Could you print exactly the lines of the listing below, starting at the line that has "Saved by Autodesk Inventor 2024" and ending at the line that has "6. rod_1221_CPY:1 —", and only those lines?

- _The data_:
-- -- --
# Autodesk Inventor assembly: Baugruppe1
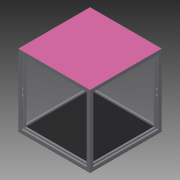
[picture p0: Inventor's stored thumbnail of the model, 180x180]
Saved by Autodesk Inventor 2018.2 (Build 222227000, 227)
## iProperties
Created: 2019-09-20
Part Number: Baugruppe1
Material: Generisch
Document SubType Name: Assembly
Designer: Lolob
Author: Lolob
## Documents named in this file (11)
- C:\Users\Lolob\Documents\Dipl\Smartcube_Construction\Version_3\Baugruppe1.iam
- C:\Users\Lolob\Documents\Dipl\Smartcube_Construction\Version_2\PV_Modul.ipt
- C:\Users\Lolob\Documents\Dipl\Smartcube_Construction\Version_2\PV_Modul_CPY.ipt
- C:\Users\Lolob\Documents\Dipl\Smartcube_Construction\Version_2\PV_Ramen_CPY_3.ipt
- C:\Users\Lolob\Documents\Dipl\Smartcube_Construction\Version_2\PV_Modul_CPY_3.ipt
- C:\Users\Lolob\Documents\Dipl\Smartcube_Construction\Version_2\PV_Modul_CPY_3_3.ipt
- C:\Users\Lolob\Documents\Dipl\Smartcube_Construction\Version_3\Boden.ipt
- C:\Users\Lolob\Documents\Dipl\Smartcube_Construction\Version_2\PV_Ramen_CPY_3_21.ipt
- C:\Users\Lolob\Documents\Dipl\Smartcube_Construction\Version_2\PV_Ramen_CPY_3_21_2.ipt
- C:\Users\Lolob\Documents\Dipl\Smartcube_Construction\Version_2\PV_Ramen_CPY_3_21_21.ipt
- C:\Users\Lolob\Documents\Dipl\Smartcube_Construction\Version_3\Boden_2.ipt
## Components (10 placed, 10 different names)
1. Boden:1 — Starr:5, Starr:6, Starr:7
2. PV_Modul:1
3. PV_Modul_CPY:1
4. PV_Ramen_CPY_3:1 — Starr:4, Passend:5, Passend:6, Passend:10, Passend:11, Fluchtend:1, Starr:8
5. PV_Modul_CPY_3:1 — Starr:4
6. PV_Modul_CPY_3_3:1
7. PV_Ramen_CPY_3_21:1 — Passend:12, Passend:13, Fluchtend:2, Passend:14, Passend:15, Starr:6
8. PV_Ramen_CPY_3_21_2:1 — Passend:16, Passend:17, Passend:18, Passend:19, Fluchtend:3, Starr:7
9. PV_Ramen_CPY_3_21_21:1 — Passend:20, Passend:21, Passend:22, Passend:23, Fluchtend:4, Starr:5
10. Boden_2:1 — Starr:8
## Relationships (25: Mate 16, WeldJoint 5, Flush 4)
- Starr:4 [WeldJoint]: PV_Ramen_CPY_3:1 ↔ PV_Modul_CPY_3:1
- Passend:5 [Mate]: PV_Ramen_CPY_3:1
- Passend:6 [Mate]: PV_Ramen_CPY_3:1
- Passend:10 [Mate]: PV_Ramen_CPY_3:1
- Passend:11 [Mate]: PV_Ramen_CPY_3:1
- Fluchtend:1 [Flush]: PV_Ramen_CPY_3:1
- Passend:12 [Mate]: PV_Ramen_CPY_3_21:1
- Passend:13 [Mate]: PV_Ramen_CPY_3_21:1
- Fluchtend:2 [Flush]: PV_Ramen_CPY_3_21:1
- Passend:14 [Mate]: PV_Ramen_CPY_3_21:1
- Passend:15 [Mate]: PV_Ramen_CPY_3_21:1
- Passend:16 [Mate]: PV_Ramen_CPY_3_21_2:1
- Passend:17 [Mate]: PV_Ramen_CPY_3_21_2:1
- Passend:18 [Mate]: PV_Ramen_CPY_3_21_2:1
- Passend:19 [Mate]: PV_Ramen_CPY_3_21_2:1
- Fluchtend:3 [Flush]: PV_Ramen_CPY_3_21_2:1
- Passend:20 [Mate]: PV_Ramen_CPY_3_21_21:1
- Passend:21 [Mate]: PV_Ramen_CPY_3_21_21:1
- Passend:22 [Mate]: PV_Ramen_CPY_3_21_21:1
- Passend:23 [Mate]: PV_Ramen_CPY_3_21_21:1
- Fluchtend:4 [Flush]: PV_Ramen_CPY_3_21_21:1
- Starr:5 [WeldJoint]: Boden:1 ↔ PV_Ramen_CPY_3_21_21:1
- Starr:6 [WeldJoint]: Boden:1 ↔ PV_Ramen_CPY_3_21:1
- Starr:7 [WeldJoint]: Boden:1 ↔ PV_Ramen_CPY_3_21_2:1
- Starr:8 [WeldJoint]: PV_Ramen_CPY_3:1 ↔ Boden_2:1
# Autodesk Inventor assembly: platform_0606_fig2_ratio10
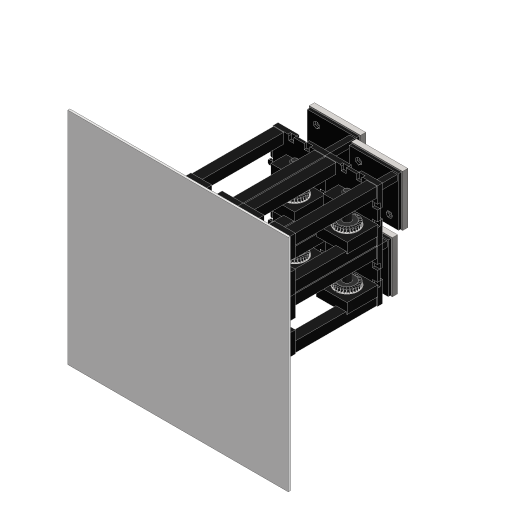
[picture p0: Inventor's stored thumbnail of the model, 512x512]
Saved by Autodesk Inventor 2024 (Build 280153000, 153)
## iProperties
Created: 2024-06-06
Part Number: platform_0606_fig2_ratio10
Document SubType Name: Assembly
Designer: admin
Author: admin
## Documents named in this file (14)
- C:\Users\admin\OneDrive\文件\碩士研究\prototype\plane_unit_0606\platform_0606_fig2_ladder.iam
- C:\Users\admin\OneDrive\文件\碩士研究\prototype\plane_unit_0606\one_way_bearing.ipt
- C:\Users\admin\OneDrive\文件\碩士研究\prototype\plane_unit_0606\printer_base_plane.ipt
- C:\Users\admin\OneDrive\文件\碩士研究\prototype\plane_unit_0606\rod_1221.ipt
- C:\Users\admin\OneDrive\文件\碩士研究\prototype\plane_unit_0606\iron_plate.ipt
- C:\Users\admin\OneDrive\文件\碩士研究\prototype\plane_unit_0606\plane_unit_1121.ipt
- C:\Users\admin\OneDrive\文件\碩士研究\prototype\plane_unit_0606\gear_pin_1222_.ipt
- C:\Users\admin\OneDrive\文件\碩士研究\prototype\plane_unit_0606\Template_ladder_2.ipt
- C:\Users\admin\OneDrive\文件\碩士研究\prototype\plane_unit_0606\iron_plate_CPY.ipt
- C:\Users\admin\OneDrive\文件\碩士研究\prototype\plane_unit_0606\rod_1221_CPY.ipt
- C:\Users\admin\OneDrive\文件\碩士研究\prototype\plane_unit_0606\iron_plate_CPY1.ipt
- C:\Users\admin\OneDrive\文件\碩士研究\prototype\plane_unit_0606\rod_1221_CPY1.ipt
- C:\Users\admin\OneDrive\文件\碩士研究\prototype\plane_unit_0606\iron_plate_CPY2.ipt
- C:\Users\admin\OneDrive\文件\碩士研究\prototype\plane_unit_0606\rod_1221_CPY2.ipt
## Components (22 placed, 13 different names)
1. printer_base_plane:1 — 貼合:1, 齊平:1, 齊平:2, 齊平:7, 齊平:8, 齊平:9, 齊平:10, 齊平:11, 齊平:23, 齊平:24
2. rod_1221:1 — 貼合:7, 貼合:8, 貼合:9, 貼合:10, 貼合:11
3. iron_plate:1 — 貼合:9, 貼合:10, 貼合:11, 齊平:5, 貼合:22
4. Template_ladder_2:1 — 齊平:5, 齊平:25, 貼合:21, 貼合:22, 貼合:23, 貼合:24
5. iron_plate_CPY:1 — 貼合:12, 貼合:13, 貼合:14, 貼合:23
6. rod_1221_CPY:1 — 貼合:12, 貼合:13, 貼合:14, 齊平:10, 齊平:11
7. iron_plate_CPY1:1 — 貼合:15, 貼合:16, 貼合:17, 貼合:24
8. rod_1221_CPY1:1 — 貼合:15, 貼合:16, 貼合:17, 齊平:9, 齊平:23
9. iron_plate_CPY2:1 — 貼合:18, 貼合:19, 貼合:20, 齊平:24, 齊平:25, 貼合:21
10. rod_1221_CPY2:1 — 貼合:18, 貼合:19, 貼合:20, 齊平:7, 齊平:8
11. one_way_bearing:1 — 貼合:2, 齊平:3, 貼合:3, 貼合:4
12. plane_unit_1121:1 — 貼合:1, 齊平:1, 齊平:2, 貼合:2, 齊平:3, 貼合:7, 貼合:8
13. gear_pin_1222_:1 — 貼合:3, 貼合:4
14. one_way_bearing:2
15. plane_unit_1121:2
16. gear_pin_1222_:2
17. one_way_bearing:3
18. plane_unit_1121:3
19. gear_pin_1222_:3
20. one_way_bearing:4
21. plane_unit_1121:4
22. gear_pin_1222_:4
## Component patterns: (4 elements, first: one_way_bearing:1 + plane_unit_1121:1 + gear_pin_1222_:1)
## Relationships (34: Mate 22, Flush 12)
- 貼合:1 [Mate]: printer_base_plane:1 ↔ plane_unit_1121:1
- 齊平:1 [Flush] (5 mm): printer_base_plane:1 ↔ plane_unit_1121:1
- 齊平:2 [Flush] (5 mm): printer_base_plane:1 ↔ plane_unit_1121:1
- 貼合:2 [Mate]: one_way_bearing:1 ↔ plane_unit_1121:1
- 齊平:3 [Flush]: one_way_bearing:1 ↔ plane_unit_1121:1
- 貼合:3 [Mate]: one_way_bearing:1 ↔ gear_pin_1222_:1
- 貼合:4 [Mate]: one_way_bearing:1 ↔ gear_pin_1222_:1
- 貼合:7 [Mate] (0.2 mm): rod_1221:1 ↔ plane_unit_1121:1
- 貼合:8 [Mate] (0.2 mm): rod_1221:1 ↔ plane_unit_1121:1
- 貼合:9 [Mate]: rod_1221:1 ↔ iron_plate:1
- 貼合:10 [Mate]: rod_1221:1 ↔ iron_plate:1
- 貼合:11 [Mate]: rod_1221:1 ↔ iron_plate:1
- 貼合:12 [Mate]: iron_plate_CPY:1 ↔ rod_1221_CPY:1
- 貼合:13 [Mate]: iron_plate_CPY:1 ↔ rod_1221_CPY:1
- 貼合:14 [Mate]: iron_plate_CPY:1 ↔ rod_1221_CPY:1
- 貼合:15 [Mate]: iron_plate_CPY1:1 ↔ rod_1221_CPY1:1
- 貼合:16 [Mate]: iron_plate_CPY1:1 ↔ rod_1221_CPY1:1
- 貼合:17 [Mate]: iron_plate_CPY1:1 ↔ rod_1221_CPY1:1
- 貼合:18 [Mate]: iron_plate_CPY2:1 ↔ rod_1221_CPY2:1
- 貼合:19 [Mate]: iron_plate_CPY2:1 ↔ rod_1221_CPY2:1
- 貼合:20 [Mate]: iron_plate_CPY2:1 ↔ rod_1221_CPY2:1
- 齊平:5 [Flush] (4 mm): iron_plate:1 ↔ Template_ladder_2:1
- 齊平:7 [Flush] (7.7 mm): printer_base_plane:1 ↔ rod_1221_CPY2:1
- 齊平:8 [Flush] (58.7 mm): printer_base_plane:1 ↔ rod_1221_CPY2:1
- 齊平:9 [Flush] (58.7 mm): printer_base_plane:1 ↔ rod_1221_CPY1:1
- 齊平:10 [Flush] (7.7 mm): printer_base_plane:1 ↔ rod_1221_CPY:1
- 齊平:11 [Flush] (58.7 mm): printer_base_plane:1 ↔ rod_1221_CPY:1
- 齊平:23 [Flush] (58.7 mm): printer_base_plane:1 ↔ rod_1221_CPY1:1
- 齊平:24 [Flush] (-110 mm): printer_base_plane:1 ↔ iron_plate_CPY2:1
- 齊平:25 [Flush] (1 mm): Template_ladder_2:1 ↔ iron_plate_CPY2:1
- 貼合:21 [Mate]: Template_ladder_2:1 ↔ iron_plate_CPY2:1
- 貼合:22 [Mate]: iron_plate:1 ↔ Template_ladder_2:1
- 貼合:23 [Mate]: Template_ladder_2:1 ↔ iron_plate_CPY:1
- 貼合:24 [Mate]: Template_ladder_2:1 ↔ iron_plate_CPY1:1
-- -- --
- _Result_:
Saved by Autodesk Inventor 2024 (Build 280153000, 153)
## iProperties
Created: 2024-06-06
Part Number: platform_0606_fig2_ratio10
Document SubType Name: Assembly
Designer: admin
Author: admin
## Documents named in this file (14)
- C:\Users\admin\OneDrive\文件\碩士研究\prototype\plane_unit_0606\platform_0606_fig2_ladder.iam
- C:\Users\admin\OneDrive\文件\碩士研究\prototype\plane_unit_0606\one_way_bearing.ipt
- C:\Users\admin\OneDrive\文件\碩士研究\prototype\plane_unit_0606\printer_base_plane.ipt
- C:\Users\admin\OneDrive\文件\碩士研究\prototype\plane_unit_0606\rod_1221.ipt
- C:\Users\admin\OneDrive\文件\碩士研究\prototype\plane_unit_0606\iron_plate.ipt
- C:\Users\admin\OneDrive\文件\碩士研究\prototype\plane_unit_0606\plane_unit_1121.ipt
- C:\Users\admin\OneDrive\文件\碩士研究\prototype\plane_unit_0606\gear_pin_1222_.ipt
- C:\Users\admin\OneDrive\文件\碩士研究\prototype\plane_unit_0606\Template_ladder_2.ipt
- C:\Users\admin\OneDrive\文件\碩士研究\prototype\plane_unit_0606\iron_plate_CPY.ipt
- C:\Users\admin\OneDrive\文件\碩士研究\prototype\plane_unit_0606\rod_1221_CPY.ipt
- C:\Users\admin\OneDrive\文件\碩士研究\prototype\plane_unit_0606\iron_plate_CPY1.ipt
- C:\Users\admin\OneDrive\文件\碩士研究\prototype\plane_unit_0606\rod_1221_CPY1.ipt
- C:\Users\admin\OneDrive\文件\碩士研究\prototype\plane_unit_0606\iron_plate_CPY2.ipt
- C:\Users\admin\OneDrive\文件\碩士研究\prototype\plane_unit_0606\rod_1221_CPY2.ipt
## Components (22 placed, 13 different names)
1. printer_base_plane:1 — 貼合:1, 齊平:1, 齊平:2, 齊平:7, 齊平:8, 齊平:9, 齊平:10, 齊平:11, 齊平:23, 齊平:24
2. rod_1221:1 — 貼合:7, 貼合:8, 貼合:9, 貼合:10, 貼合:11
3. iron_plate:1 — 貼合:9, 貼合:10, 貼合:11, 齊平:5, 貼合:22
4. Template_ladder_2:1 — 齊平:5, 齊平:25, 貼合:21, 貼合:22, 貼合:23, 貼合:24
5. iron_plate_CPY:1 — 貼合:12, 貼合:13, 貼合:14, 貼合:23
6. rod_1221_CPY:1 — 貼合:12, 貼合:13, 貼合:14, 齊平:10, 齊平:11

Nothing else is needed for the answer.